COUNCIL ON FOREIGN RELATIONS NOT OWNED BY THE US GOVT

CFR is a body of experts who give advice on foreign policy, but it does not belong to the US government.

Also, neither the US Department of States or the White House have categorized Nigeria as a failed state or share similar view as Campbell’s.

UN PEACEKEEPING MISSION IN COUNTRY EVIDENCE OF STATE FAILURE

The UN Security Council usually deploys peace keeping troops into territories where an existing government has lost legitimacy and is unable to secure lives and property of residents.

Thus, the presence of UN peace keeping mission is evidence of uncontrollable security challenges in an area.

Checks by our correspondent on the UN peace keeping website showed that it is not operating in Nigeria.

Its current operations are in Western Sahara(Morocco and Sahrawi Arab Democratic Republic), Central African Republic, Mali, D.R. of the Congo, Golan, Cyprus, Lebanon, Abyei, Kosovo, South Sudan, India and Pakistan and Middle East.

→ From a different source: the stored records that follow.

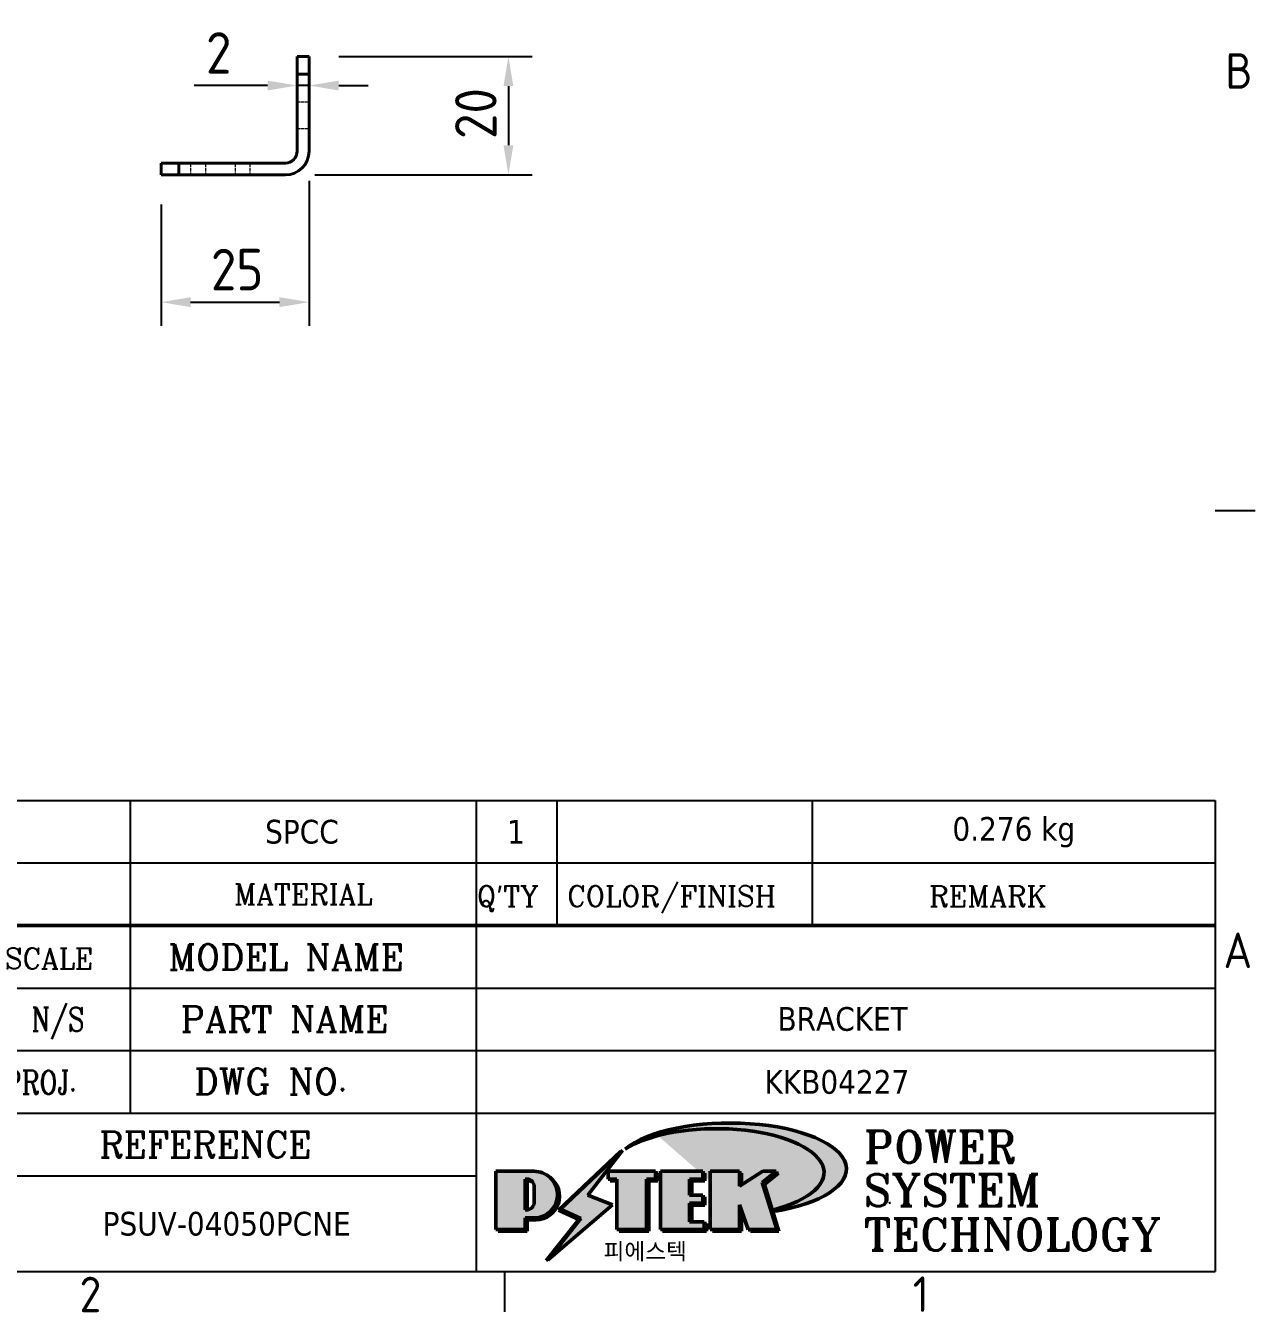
# Model space of a CAD drawing. Header units: millimetres. Extents: x 0 to 840, y 0 to 594.
# Drawn here: x 619.2 to 826.8, y 13.1 to 230.3 of the extents above; entities that cross this region are included whole.
import ezdxf
from ezdxf.enums import TextEntityAlignment as Align

# ---------------------------------------------------------------- set-up
doc = ezdxf.new("R2010")
doc.units = ezdxf.units.MM
doc.header["$LTSCALE"] = 2
doc.linetypes.add('DASHED', pattern=[0.2067, 0.1654, -0.0413])
doc.layers.get('0').update_dxf_attribs({"color": 3, "lineweight": 25})
for name, color, linetype, lineweight in [('가려진 것(ISO)', 2, 'DASHED', 18), ('가시적인 것(ISO)', 3, 'Continuous', 40), ('경계(ISO)', 7, 'Continuous', 25), ('제목(ISO)', 5, 'Continuous', 50), ('치수(ISO)', 2, 'Continuous', 25), ('해치(ISO)', 7, 'Continuous', 18)]:
    doc.layers.add(name, color=color, linetype=linetype, lineweight=lineweight)
doc.styles.add('HAN_291', font='')
doc.styles.add('HAN_370', font='', dxfattribs={"width": 2})
doc.styles.add('RC_284', font='ROMANC.shx')
doc.styles.add('RC_287', font='ROMANC.shx')
doc.styles.add('RC_292', font='ROMANC.shx')
doc.styles.add('ROMANT_294', font='romant.shx')
doc.styles.add('문자 텍스트_PSTEK_POSCO', font='isocp.shx')
doc.styles.add('치수 텍스트_PSTEK_POSCO', font='isocp.shx')
doc.styles.add('텍스트 스타일198', font='tahoma.ttf')
doc.styles.add('텍스트 스타일333', font='ROMANC.shx', dxfattribs={"width": 0.800000011920929})
doc.styles.get('HAN_291').set_extended_font_data('GulimChe')
doc.styles.get('HAN_370').set_extended_font_data('GulimChe')
doc.dimstyles.new('치수_PSTEK_POSCO', dxfattribs={"dimscale": 2, "dimtxt": 3.5, "dimasz": 2.5, "dimexe": 2, "dimexo": 2.5, "dimgap": 1, "dimtad": 1, "dimrnd": 1e-08, "dimdsep": 46, "dimtxsty": '치수 텍스트_PSTEK_POSCO', "dimcen": 0.09, "dimdle": 10, "dimclrd": 7, "dimclre": 7, "dimclrt": 2, "dimadec": 1, "dimazin": 2, "dimtfac": 1, "dimtmove": 0, "dimatfit": 3, "dimfxl": 0, "dimtolj": 1, "dimlwd": -1, "dimlwe": -1, "dimarcsym": 0})

# ---------------------------------------------------------------- blocks, each defined once
blk = doc.blocks.new('경계 Default Border')
at = {"layer": '경계(ISO)'}
for p, q in [((410, 74.25000190734863), (413.4000015258789, 74.25000190734863)), ((350, 10), (350, 6.599999666213989))]:
    blk.add_line(p, q, dxfattribs=at)
at = {"layer": '경계(ISO)', "color": 2, "char_height": 3.00000011920929, "attachment_point": 7, "style": '문자 텍스트_PSTEK_POSCO'}
for s, insert in [('B', (410.878270202895, 109.8463944559917)), ('A', (410.7144008173592, 35.61784856929444)), ('2', (314.127739416884, 6.57139439638704)), ('1', (384.4860661041481, 6.59999988079071))]:
    blk.add_mtext(s, dxfattribs=dict(at, insert=insert))
blk = doc.blocks.new('제목 블록 PSTEK')
for color, points in [(252, [(317.2195697678507, 17.0593801673321), (322.0326348870767, 21.62682475217465), (322.2781991042243, 21.94392121864296), (317.0471853425802, 16.97985676345368), (318.7512090904202, 16.1899260703855), (316.0018030350395, 12.71868385740789), (316.3356552234328, 13.00206718743325), (318.9235935156908, 16.2694494742633)]), (5, [(321.6183518841322, 17.4193704504104), (319.5281351041078, 18.24969419629727), (322.4505835294948, 22.02344462252142), (317.2195697678507, 17.0593801673321), (318.9235935156908, 16.2694494742633), (316.1741874603099, 12.79820726128571)]), (1, [(324.4839107253602, 19.60711530335299), (325.2419748254881, 19.60711530335299), (325.2419748254881, 20.25857663940324), (321.2266040451076, 20.25857663940324), (321.2266040451076, 19.60711530335299), (321.9846681452406, 19.60711530335299), (321.9846681452406, 15.3430047401139), (324.4839107253602, 15.3430047401139)]), (252, [(321.9846681452406, 19.60711530335299), (321.4042753185749, 19.60711530335299), (321.4042753185749, 19.45905590879572), (321.9846681452406, 19.45905590879572)]), (252, [(324.6615819988275, 19.45905590879572), (325.4196460989604, 19.45905590879572), (325.4196460989604, 20.11051724484596), (325.2419748254881, 20.11051724484596), (325.2419748254881, 19.60711530335299), (324.4839107253602, 19.60711530335299), (324.4839107253602, 15.3430047401139), (322.1623394187076, 15.3430047401139), (322.1623394187076, 15.19494534555726), (324.6615819988275, 15.19494534555726)]), (1, [(329.2277337269622, 20.25857663940324), (325.65654113025, 20.25857663940324), (325.65654113025, 15.3430047401139), (329.3580259941756, 15.3430047401139), (329.3580259941756, 15.9944660761648), (328.1137701654877, 15.9944660761648), (328.1137701654877, 17.56360607323003), (329.2277337269622, 17.56360607323003), (329.2277337269622, 18.25543873810179), (328.1137701654877, 18.25543873810179), (328.1137701654877, 19.60711530335299), (329.2277337269622, 19.60711530335299)]), (252, [(328.2914414389548, 19.45905590879572), (329.4054050004294, 19.45905590879572), (329.4054050004294, 20.11051724484596), (329.2277337269622, 20.11051724484596), (329.2277337269622, 19.60711530335299), (328.1137701654877, 19.60711530335299), (328.1137701654877, 18.25543873810179), (328.2914414389548, 18.25543873810179)]), (1, [(332.3312149849806, 20.25857663940324), (329.8592894925411, 20.25857663940324), (329.8592894925411, 15.3430047401139), (332.3312149849806, 15.3430047401139), (332.3312149849806, 17.4318630164523), (333.0701931098801, 15.3430047401139), (335.4855464857051, 15.3430047401139), (334.2514536401189, 19.30614745124769), (335.4379594596742, 20.25857663940324), (334.3071782107978, 20.25857663940324), (332.3312149849806, 18.99741471888304)]), (252, [(332.5088862584528, 20.1105172448466), (332.3312149849806, 20.1105172448466), (332.3312149849806, 18.99741471888368), (332.5088862584528, 19.11081371413894)]), (252, [(335.6156307331414, 20.11051724484596), (335.2535118015555, 20.11051724484596), (334.2514536401189, 19.30614745124769), (335.4855464857051, 15.3430047401139), (333.1954852176545, 15.3430047401139), (333.2478643833523, 15.19494534555726), (335.6632177591723, 15.19494534555726), (334.4291249135862, 19.15808805669106)]), (252, [(328.2914414389548, 17.41554667867274), (329.4054050004294, 17.41554667867274), (329.4054050004294, 18.10737934354514), (329.2277337269622, 18.10737934354514), (329.2277337269622, 17.56360607323003), (328.1137701654877, 17.56360607323003), (328.1137701654877, 15.9944660761648), (328.2914414389548, 15.9944660761648)]), (252, [(332.5088862584528, 16.92964231796647), (332.3312149849806, 17.43186301645164), (332.3312149849806, 15.3430047401139), (330.0369607660135, 15.3430047401139), (330.0369607660135, 15.19494534555726), (332.5088862584528, 15.19494534555726)]), (252, [(329.5356972676428, 15.8464066816075), (329.3580259941756, 15.8464066816075), (329.3580259941756, 15.3430047401139), (325.8342124037171, 15.3430047401139), (325.8342124037171, 15.19494534555726), (329.5356972676428, 15.19494534555726)])]:
    blk.add_hatch(color=color).paths.add_polyline_path(points)
h = blk.add_hatch(color=1)
edge = h.paths.add_edge_path(flags=0)
edge.add_line((314.2242174273352, 19.60711530335299), (314.2242174273352, 17.00126995915134))
edge.add_line((314.2242174273352, 17.00126995915134), (314.3485873187598, 17.00126995915134))
edge.add_arc((314.3485873187598, 17.6527312952023), 0.6514613360509371, 270, 360)
edge.add_line((315.0000486548106, 17.6527312952023), (315.0000486548106, 18.95565396730211))
edge.add_arc((314.3485873187598, 18.95565396730212), 0.6514613360508712, 0, 90)
edge.add_line((314.3485873187598, 19.60711530335299), (314.2242174273352, 19.60711530335299))
edge = h.paths.add_edge_path()
edge.add_arc((314.9847713324306, 18.28938669179658), 1.969189947606664, 269.9999999999959, 450)
edge.add_line((314.9847713324306, 20.25857663940318), (311.7664314776902, 20.25857663940324))
edge.add_line((311.7664314776902, 20.25857663940324), (311.7664314776902, 15.3430047401139))
edge.add_line((311.7664314776902, 15.3430047401139), (314.2242174273352, 15.3430047401139))
edge.add_line((314.2242174273352, 15.3430047401139), (314.2242174273352, 16.32019674418991))
edge.add_line((314.2242174273352, 16.32019674418991), (314.9847713324307, 16.32019674418991))
h = blk.add_hatch(color=252)
edge = h.paths.add_edge_path()
edge.add_arc((314.9847713324309, 18.28938669179657), 1.969189947606666, 270, 406.8278729790604)
edge.add_arc((315.1624426058984, 18.1413272972396), 1.969189947606962, -90, 53.560984836317004, ccw=False)
edge.add_line((315.1624426058984, 16.17213734963263), (314.4018887008024, 16.17213734963263))
edge.add_line((314.4018887008024, 16.17213734963263), (314.4018887008024, 15.19494534555726))
edge.add_line((314.4018887008024, 15.19494534555726), (311.9441027511573, 15.19494534555726))
edge.add_line((311.9441027511573, 15.19494534555726), (311.9441027511573, 15.3430047401139))
edge.add_line((311.9441027511573, 15.3430047401139), (314.2242174273352, 15.3430047401139))
edge.add_line((314.2242174273352, 15.3430047401139), (314.2242174273352, 16.32019674418991))
edge.add_line((314.2242174273352, 16.32019674418991), (314.9847713324309, 16.32019674418991))
h = blk.add_hatch(color=252)
edge = h.paths.add_edge_path()
edge.add_line((314.4018887008024, 19.45905590879572), (314.5262585922315, 19.45905590879572))
edge.add_arc((314.5262585922314, 18.80759457274939), 0.6514613360463194, 60.4189348879147, 90.00000000000318, ccw=False)
edge.add_arc((314.3485873187602, 18.95565396730057), 0.6514613360524251, 39.96992292766206, 90.00000000009999)
edge.add_line((314.3485873187591, 19.60711530335307), (314.2242174273352, 19.60711530335298))
edge.add_line((314.2242174273352, 19.60711530335299), (314.2242174273352, 17.00126995915134))
edge.add_line((314.2242174273352, 17.00126995915134), (314.3485873187591, 17.00126995915134))
edge.add_arc((314.3485873187568, 17.652731295233), 0.6514613360816299, 270.0000000002, 274.6930825552478)
edge.add_line((314.4018887008024, 17.0034541317032), (314.4018887008024, 19.45905590879572))
at = {"layer": '해치(ISO)'}
h = blk.add_hatch(color=140, dxfattribs=at)
edge = h.paths.add_edge_path()
edge.add_ellipse((330.3660919371412, 20.15576403068321), major_axis=(9.100907360794343, 0), ratio=0.4069904968023172, start_angle=301.3098473703837, end_angle=507.7436900681698)
edge.add_ellipse((331.5340919371412, 20.4634168429492), major_axis=(-9.82350664112931, 0), ratio=0.3942600559756514, start_angle=111.51207141178469, end_angle=334.47025347086895, ccw=False)
edge.add_line((335.1363447531188, 16.8601935978785), (335.0955236905705, 16.99119398620872))
at = {"color": 180}
for p, q in [((182.475792979055, 11.79100474011392), (182.4757929790549, 51.56524660363496)), ((182.4757929790549, 51.56524660363496), (372.4757929537551, 51.56524660363496)), ((189.2651435055721, 51.56524660363496), (189.2651435055722, 41.00524660363494)), ((215.2152739891528, 41.00524660363494), (215.2152739891528, 51.56524660363496)), ((280.8758854511282, 51.56524660363496), (280.8758854511282, 41.00524660363494)), ((310.0881549537552, 51.56524660363496), (310.0881549537553, 41.00524660363494)), ((316.9044520275131, 51.56524660363496), (316.9044520275127, 41.00524660363494)), ((338.4566026226726, 51.56524660363496), (338.4566026226727, 41.00524660363494)), ((372.4757929537551, 51.56524660363496), (372.4757929537551, 11.79100474011389)), ((182.475792979055, 46.2852466036349), (372.4757929537551, 46.28524660363492)), ((182.475792979055, 41.00524660363493), (206.451475290024, 41.00524660363493)), ((222.9401812389276, 11.79100474011392), (222.9401812389276, 41.00524660363494)), ((239.4288871878316, 11.79100474011392), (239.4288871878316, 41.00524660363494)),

However, the Security Council has at different times condemned the killings and terror activities in its member states including in Nigeria.

For Nigeria, it usually sympathizes with its government while urging it to do the needful in securing the country.

VERDICT:

Though there are security challenges, the UN and members of its Security Council do not believe Nigeria is a failed state.

Instead, the UN had noted that “Nigeria (since 1960) has been a major contributor of troops and police to United Nations peace operations, having served in dozens of missions” in other countries.